Strategic Communications and Marketing News Bureau

Study: Alaskan boreal forest fires release more carbon than the trees can absorb

CHAMPAIGN, Ill. — A new analysis of fire activity in Alaska’s Yukon Flats finds that so many forest fires are occurring there that the area has become a net exporter of carbon to the atmosphere. This is worrisome, the researchers say, because arctic and subarctic boreal forests like those of the Yukon Flats contain roughly one-third of the Earth’s terrestrial carbon stores.

The research is reported in the journalNature Climate Change.

Researchers studied fire activity in a 2,000-square kilometer region of the Yukon Flats in Alaska. The study area lies within the white rectangle on the map. Zones burned in Alaska since 1950 are in red.

 

Graphic by Diana Yates (Alaska Fire Service data)

Delete

Edit embedded media in the Files Tab and re-insert as needed.
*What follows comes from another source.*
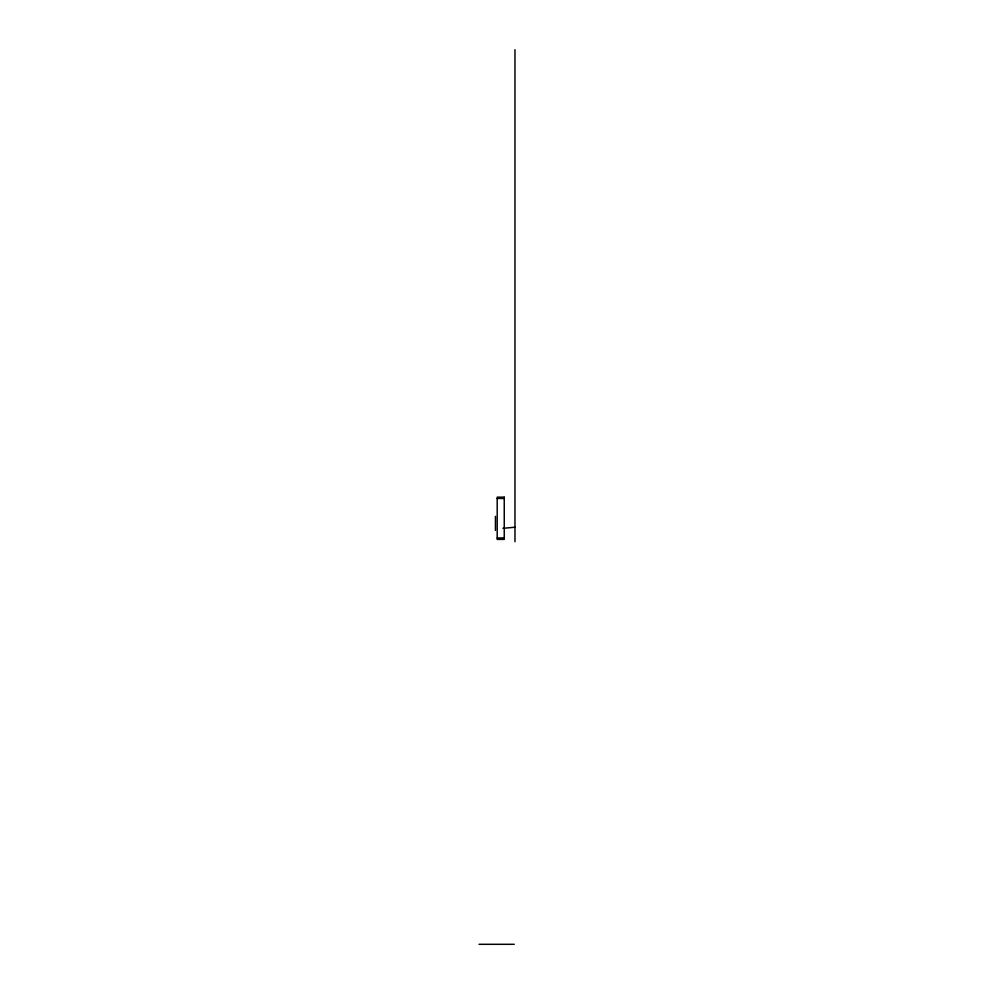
<?xml version="1.0" encoding="UTF-8"?>
<svg xmlns="http://www.w3.org/2000/svg" width="994" height="994" viewBox="0 0 994 994"><rect width="100%" height="100%" fill="white"/><g stroke="black" fill="none" stroke-linecap="round" stroke-linejoin="round"><path stroke-width="1.49" d="M502.952 528.311L514.967 527.23M497.199 498.466L504.244 498.466M497.199 537.953L504.244 537.953M479.033 944.3L514.258 944.3M514.967 49.7L514.967 541.73M495.434 516.333L495.434 530.411M504.244 497.162L497.199 497.162L497.199 539.407L504.244 539.419L504.244 497.174"/></g></svg>

Alaska fire records go back only to 1939, and scientists often assume that present-day fire activity mirrors that of the ancient past. The researchers on the new study instead used actual fire data from a previous study in which they analyzed charcoal fragments preserved in lake sediments in the Yukon Flats. In that study, they found that fire frequency in a 2,000-kilometer swath of the Yukon Flats is higher today than at any time in the last 10,000 years.

For the new analysis, the team plugged its fire data into a computer model of carbon cycling in the study area.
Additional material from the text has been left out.